Task goal →
Where a line of the records holds the string "color", copy that line.

********************

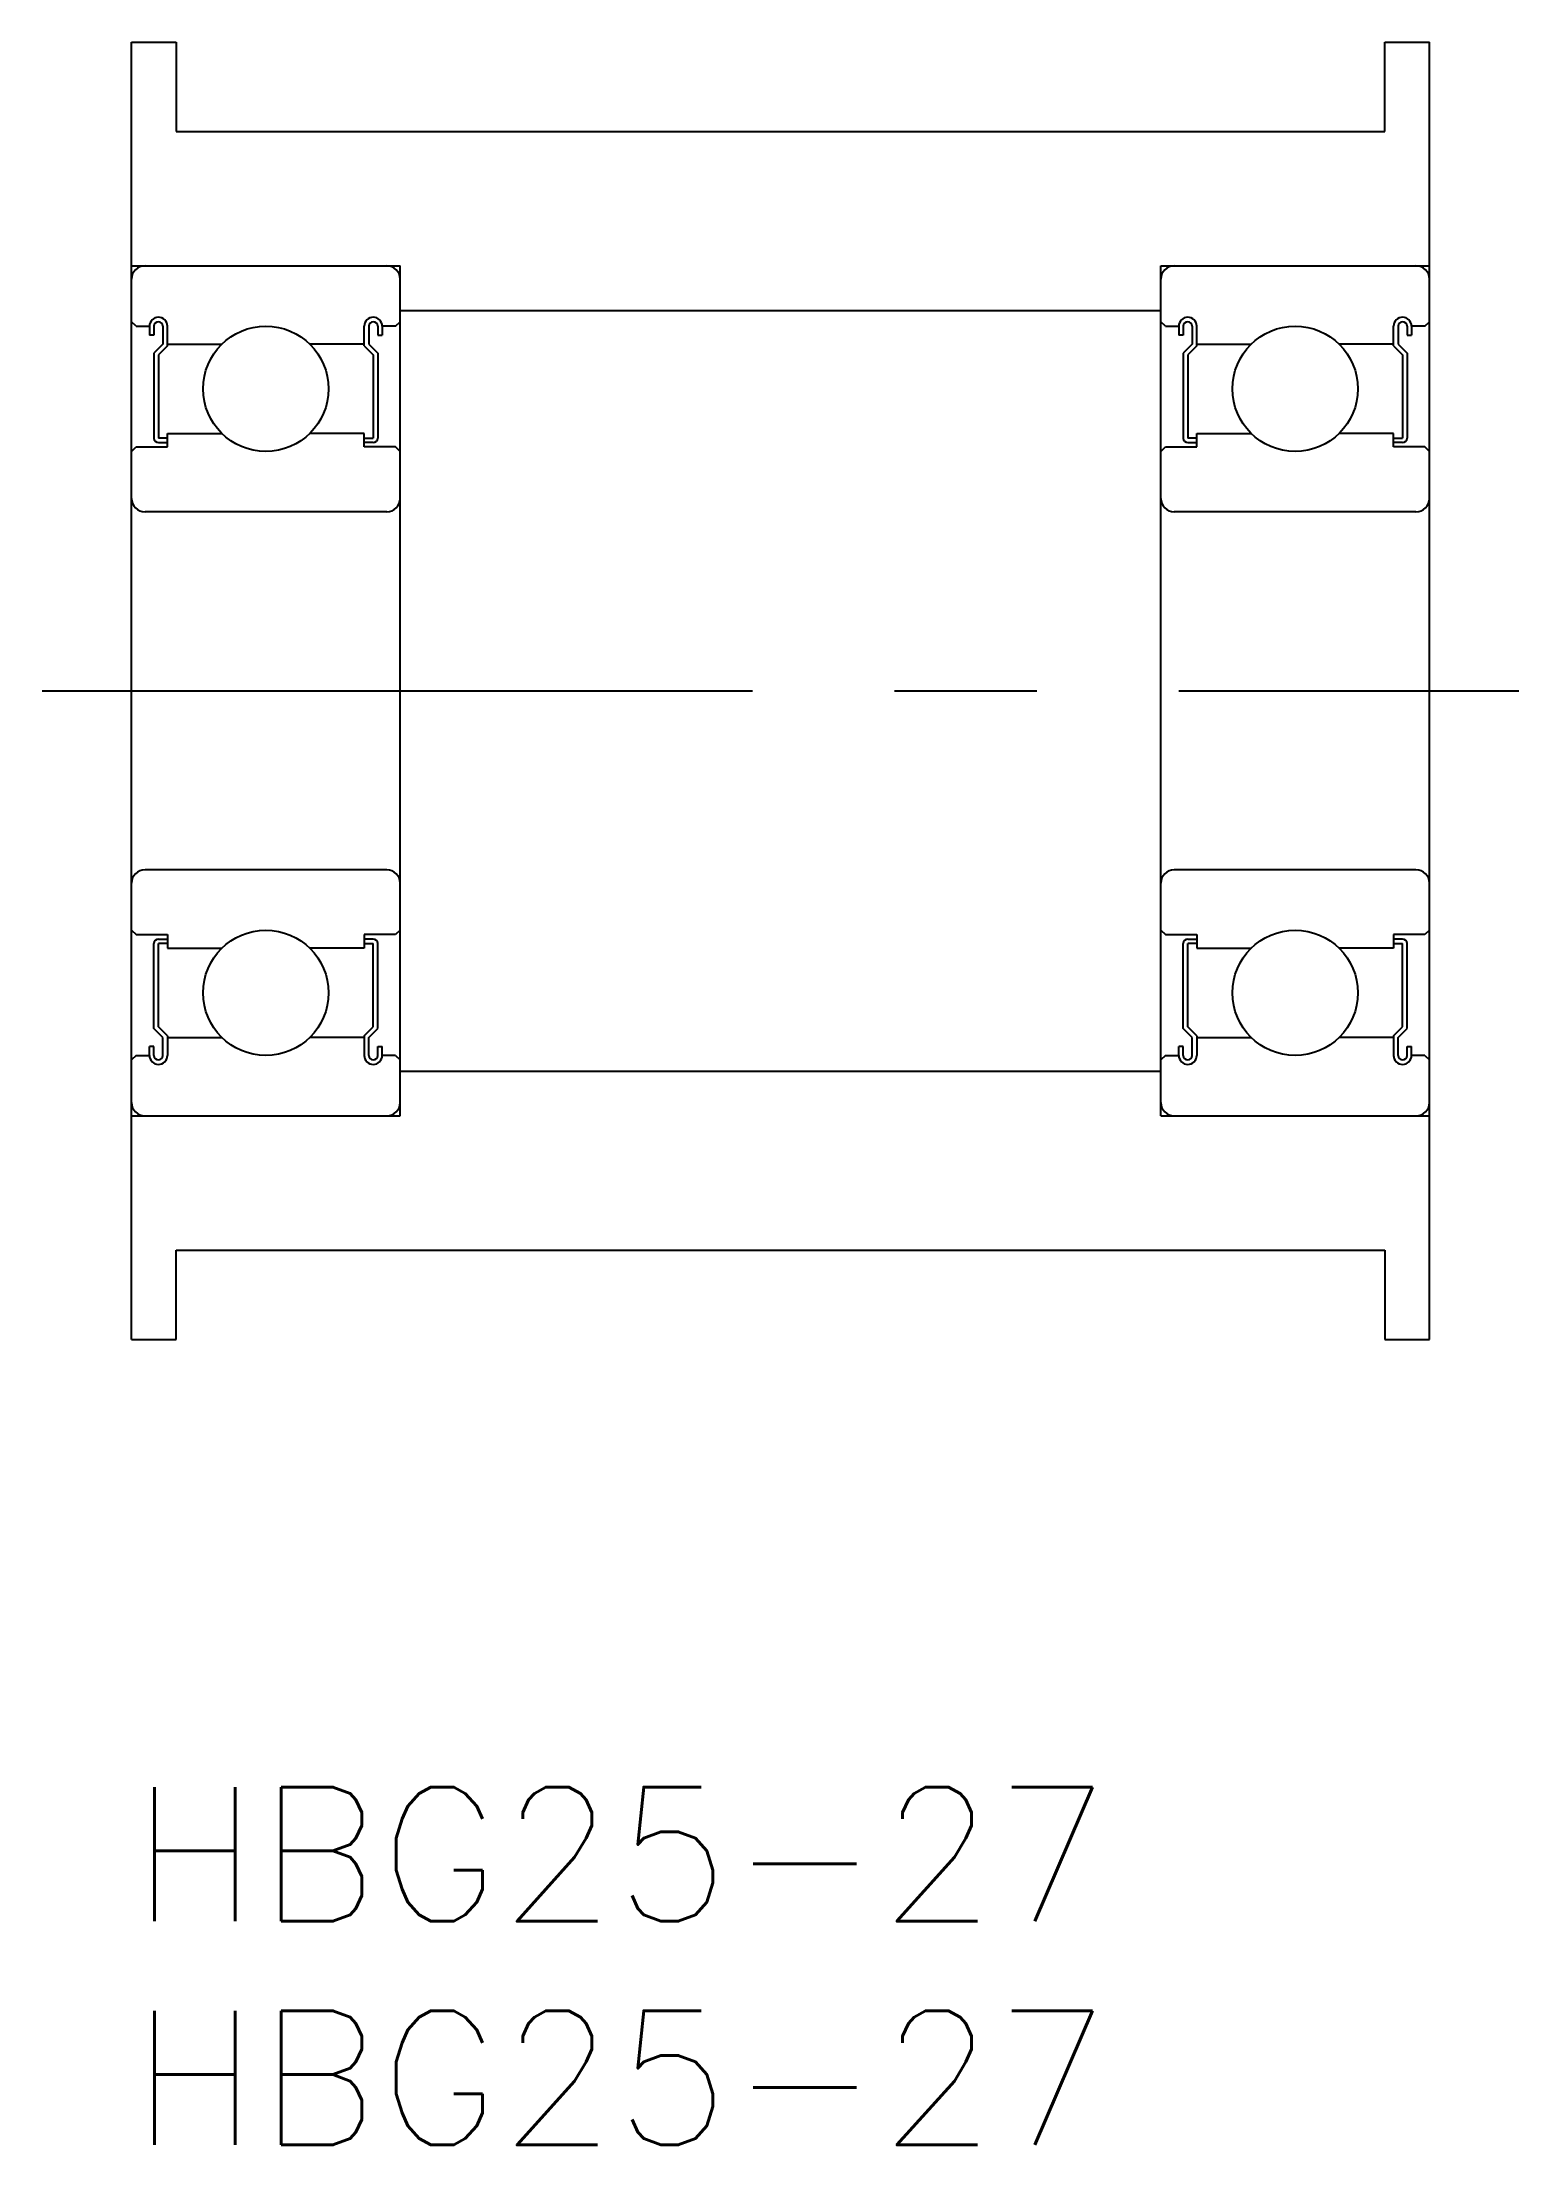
# Model space of a CAD drawing. Extents: x -2 to 31, y -8 to 39.
import ezdxf

# ---------------------------------------------------------------- set-up
doc = ezdxf.new("R2010")
doc.units = 0
doc.header["$LTSCALE"] = 0.5
doc.linetypes.add('CENTER', pattern=[50.8, 31.75, -6.35, 6.35, -6.35])
for name, color, linetype in [('MSM_CENTER', 1, 'CENTER'), ('MSM_CONTINUOUS', 7, 'CONTINUOUS'), ('MSM_PART_NUMBER', 7, 'CONTINUOUS')]:
    doc.layers.add(name, color=color, linetype=linetype)
doc.styles.get("Standard").update_dxf_attribs({"font": 'txt.shx', "height": 3, "bigfont": 'bigfont.shx'})

# ---------------------------------------------------------------- blocks, each defined once
blk = doc.blocks.new('*U4')
at = {"layer": 'MSM_PART_NUMBER'}
blk.add_text('HBG25-27', height=3, dxfattribs=at).set_placement((0, -3))
blk = doc.blocks.new('*U5')
at = {"layer": 'MSM_PART_NUMBER'}
blk.add_text('HBG25-27', height=3, dxfattribs=at).set_placement((0, -8))

msp = doc.modelspace()

# ---------------------------------------------------------------- linework, layer by layer
at = {"layer": 'MSM_CENTER'}
msp.add_line((-2, 24.5), (31, 24.5), dxfattribs=at)
at = {"layer": 'MSM_CONTINUOUS'}
for p, q in [((0, 39), (1, 39)), ((0, 10), (0, 39)), ((1, 39), (1, 37)), ((28, 37), (28, 39)), ((28, 39), (29, 39)), ((29, 10), (29, 39)), ((1, 37), (28, 37)), ((0, 34), (6, 34)), ((6, 15), (6, 34)), ((23, 34), (29, 34)), ((23, 15), (23, 34)), ((6, 33), (23, 33)), ((0.1, 32.65), (0, 32.75)), ((0.1, 32.65), (0.4, 32.65)), ((0.4, 32.65), (0.4, 32.45)), ((0.5, 32.45), (0.4, 32.45)), ((0.5, 32.65), (0.5, 32.45)), ((0.7, 32.65), (0.7, 32.25)), ((0.8, 32.209), (0.8, 32.65)), ((5.2, 32.209), (5.2, 32.65)), ((5.3, 32.65), (5.3, 32.25)), ((5.5, 32.65), (5.5, 32.45)), ((5.5, 32.45), (5.6, 32.45)), ((5.6, 32.65), (5.6, 32.45)), ((5.9, 32.65), (5.6, 32.65)), ((5.9, 32.65), (6, 32.75)), ((23.1, 32.65), (23, 32.75)), ((23.1, 32.65), (23.4, 32.65)), ((23.4, 32.65), (23.4, 32.45)), ((23.5, 32.45), (23.4, 32.45)), ((23.5, 32.65), (23.5, 32.45)), ((23.7, 32.65), (23.7, 32.25)), ((23.8, 32.209), (23.8, 32.65)), ((28.2, 32.209), (28.2, 32.65)), ((28.3, 32.65), (28.3, 32.25)), ((28.5, 32.65), (28.5, 32.45)), ((28.5, 32.45), (28.6, 32.45)), ((28.6, 32.65), (28.6, 32.45)), ((28.9, 32.65), (28.6, 32.65)), ((28.9, 32.65), (29, 32.75)), ((0.7, 32.25), (0.5, 32.05)), ((0.5, 32.05), (0.5, 30.15)), ((0.8, 32.209), (0.6, 32.009)), ((0.6, 32.009), (0.6, 30.15)), ((0.8, 32.25), (2.02, 32.25)), ((5.2, 32.25), (3.98, 32.25)), ((5.2, 32.209), (5.4, 32.009)), ((5.3, 32.25), (5.5, 32.05)), ((5.4, 32.009), (5.4, 30.15)), ((5.5, 32.05), (5.5, 30.15)), ((23.7, 32.25), (23.5, 32.05)), ((23.5, 32.05), (23.5, 30.15)), ((23.8, 32.209), (23.6, 32.009)), ((23.6, 32.009), (23.6, 30.15)), ((23.8, 32.25), (25.02, 32.25)), ((28.2, 32.25), (26.98, 32.25)), ((28.2, 32.209), (28.4, 32.009)), ((28.3, 32.25), (28.5, 32.05)), ((28.4, 32.009), (28.4, 30.15)), ((28.5, 32.05), (28.5, 30.15)), ((0.8, 30.15), (0.6, 30.15)), ((0.8, 30.25), (2.02, 30.25)), ((0.8, 29.95), (0.8, 30.25)), ((5.2, 30.25), (3.98, 30.25)), ((5.2, 29.95), (5.2, 30.25)), ((5.2, 30.15), (5.4, 30.15)), ((23.8, 30.15), (23.6, 30.15)), ((23.8, 30.25), (25.02, 30.25)), ((23.8, 29.95), (23.8, 30.25)), ((28.2, 30.25), (26.98, 30.25)), ((28.2, 29.95), (28.2, 30.25)), ((28.2, 30.15), (28.4, 30.15)), ((0, 29.85), (0.1, 29.95)), ((0.1, 29.95), (0.8, 29.95)), ((0.6, 30.05), (0.8, 30.05)), ((5.4, 30.05), (5.2, 30.05)), ((5.9, 29.95), (5.2, 29.95)), ((6, 29.85), (5.9, 29.95)), ((23, 29.85), (23.1, 29.95)), ((23.1, 29.95), (23.8, 29.95)), ((23.6, 30.05), (23.8, 30.05)), ((28.4, 30.05), (28.2, 30.05)), ((28.9, 29.95), (28.2, 29.95)), ((29, 29.85), (28.9, 29.95)), ((5.7, 28.5), (0.3, 28.5)), ((28.7, 28.5), (23.3, 28.5)), ((5.7, 20.5), (0.3, 20.5)), ((28.7, 20.5), (23.3, 20.5)), ((0, 19.15), (0.1, 19.05)), ((0.1, 19.05), (0.8, 19.05)), ((0.5, 16.95), (0.5, 18.85)), ((0.6, 18.95), (0.8, 18.95)), ((0.6, 16.991), (0.6, 18.85)), ((0.8, 18.85), (0.6, 18.85)), ((0.8, 19.05), (0.8, 18.75)), ((5.2, 19.05), (5.2, 18.75)), ((5.9, 19.05), (5.2, 19.05)), ((5.4, 18.95), (5.2, 18.95)), ((5.2, 18.85), (5.4, 18.85)), ((5.4, 16.991), (5.4, 18.85)), ((5.5, 16.95), (5.5, 18.85)), ((6, 19.15), (5.9, 19.05)), ((23, 19.15), (23.1, 19.05)), ((23.1, 19.05), (23.8, 19.05)), ((23.5, 16.95), (23.5, 18.85)), ((23.6, 18.95), (23.8, 18.95)), ((23.6, 16.991), (23.6, 18.85)), ((23.8, 18.85), (23.6, 18.85)), ((23.8, 19.05), (23.8, 18.75)), ((28.2, 19.05), (28.2, 18.75)), ((28.9, 19.05), (28.2, 19.05)), ((28.4, 18.95), (28.2, 18.95)), ((28.2, 18.85), (28.4, 18.85)), ((28.4, 16.991), (28.4, 18.85)), ((28.5, 16.95), (28.5, 18.85)), ((29, 19.15), (28.9, 19.05)), ((0.8, 18.75), (2.02, 18.75)), ((5.2, 18.75), (3.98, 18.75)), ((23.8, 18.75), (25.02, 18.75)), ((28.2, 18.75), (26.98, 18.75)), ((0.7, 16.75), (0.5, 16.95)), ((0.8, 16.791), (0.6, 16.991)), ((5.2, 16.791), (5.4, 16.991)), ((5.3, 16.75), (5.5, 16.95)), ((23.7, 16.75), (23.5, 16.95)), ((23.8, 16.791), (23.6, 16.991)), ((28.2, 16.791), (28.4, 16.991)), ((28.3, 16.75), (28.5, 16.95)), ((0.4, 16.35), (0.4, 16.55)), ((0.5, 16.55), (0.4, 16.55)), ((0.5, 16.35), (0.5, 16.55)), ((0.7, 16.35), (0.7, 16.75)), ((0.8, 16.791), (0.8, 16.35)), ((0.8, 16.75), (2.02, 16.75)), ((5.2, 16.75), (3.98, 16.75)), ((5.2, 16.791), (5.2, 16.35)), ((5.3, 16.35), (5.3, 16.75)), ((5.5, 16.35), (5.5, 16.55)), ((5.5, 16.55), (5.6, 16.55)), ((5.6, 16.35), (5.6, 16.55)), ((23.4, 16.35), (23.4, 16.55)), ((23.5, 16.55), (23.4, 16.55)), ((23.5, 16.35), (23.5, 16.55)), ((23.7, 16.35), (23.7, 16.75)), ((23.8, 16.791), (23.8, 16.35)), ((23.8, 16.75), (25.02, 16.75)), ((28.2, 16.75), (26.98, 16.75)), ((28.2, 16.791), (28.2, 16.35)), ((28.3, 16.35), (28.3, 16.75)), ((28.5, 16.35), (28.5, 16.55)), ((28.5, 16.55), (28.6, 16.55)), ((28.6, 16.35), (28.6, 16.55)), ((0.1, 16.35), (0, 16.25)), ((0.1, 16.35), (0.4, 16.35)), ((5.9, 16.35), (5.6, 16.35)), ((5.9, 16.35), (6, 16.25)), ((6, 16), (23, 16)), ((23.1, 16.35), (23, 16.25)), ((23.1, 16.35), (23.4, 16.35)), ((28.9, 16.35), (28.6, 16.35)), ((28.9, 16.35), (29, 16.25)), ((0, 15), (6, 15)), ((23, 15), (29, 15)), ((1, 12), (28, 12)), ((1, 10), (1, 12)), ((28, 12), (28, 10)), ((0, 10), (1, 10)), ((28, 10), (29, 10))]:
    msp.add_line(p, q, dxfattribs=at)
for centre in [(3, 31.25), (26, 31.25), (3, 17.75), (26, 17.75)]:
    msp.add_circle(centre, 1.4, dxfattribs=at)
for centre, radius, start, end in [((0.3, 33.7), 0.3, 90, 180), ((5.7, 33.7), 0.3, 0, 90), ((23.3, 33.7), 0.3, 90, 180), ((28.7, 33.7), 0.3, 0, 90), ((0.6, 32.65), 0.2, 0, 180), ((0.6, 32.65), 0.1, 0, 180), ((5.4, 32.65), 0.2, 0, 180), ((5.4, 32.65), 0.1, 0, 180), ((23.6, 32.65), 0.2, 0, 180), ((23.6, 32.65), 0.1, 0, 180), ((28.4, 32.65), 0.2, 0, 180), ((28.4, 32.65), 0.1, 0, 180), ((0.6, 30.15), 0.1, 180, 270), ((5.4, 30.15), 0.1, 270, 0), ((23.6, 30.15), 0.1, 180, 270), ((28.4, 30.15), 0.1, 270, 0), ((0.3, 28.8), 0.3, 180, 270), ((5.7, 28.8), 0.3, 270, 0), ((23.3, 28.8), 0.3, 180, 270), ((28.7, 28.8), 0.3, 270, 0), ((0.3, 20.2), 0.3, 90, 180), ((5.7, 20.2), 0.3, 0, 90), ((23.3, 20.2), 0.3, 90, 180), ((28.7, 20.2), 0.3, 0, 90), ((0.6, 18.85), 0.1, 90, 180), ((5.4, 18.85), 0.1, 360, 90), ((23.6, 18.85), 0.1, 90, 180), ((28.4, 18.85), 0.1, 360, 90), ((0.6, 16.35), 0.2, 180, 0), ((0.6, 16.35), 0.1, 180, 0), ((5.4, 16.35), 0.2, 180, 0), ((5.4, 16.35), 0.1, 180, 0), ((23.6, 16.35), 0.2, 180, 0), ((23.6, 16.35), 0.1, 180, 0), ((28.4, 16.35), 0.2, 180, 0), ((28.4, 16.35), 0.1, 180, 0), ((0.3, 15.3), 0.3, 180, 270), ((5.7, 15.3), 0.3, 270, 0), ((23.3, 15.3), 0.3, 180, 270), ((28.7, 15.3), 0.3, 270, 0)]:
    msp.add_arc(centre, radius, start, end, dxfattribs=at)

# ---------------------------------------------------------------- block references
for name in ['*U4', '*U5']:
    msp.add_blockref(name, (0, 0), dxfattribs=at)

doc.saveas('drawing.dxf')

********************

Response for this exercise →
for name, color, linetype in [('MSM_CENTER', 1, 'CENTER'), ('MSM_CONTINUOUS', 7, 'CONTINUOUS'), ('MSM_PART_NUMBER', 7, 'CONTINUOUS')]:
    doc.layers.add(name, color=color, linetype=linetype)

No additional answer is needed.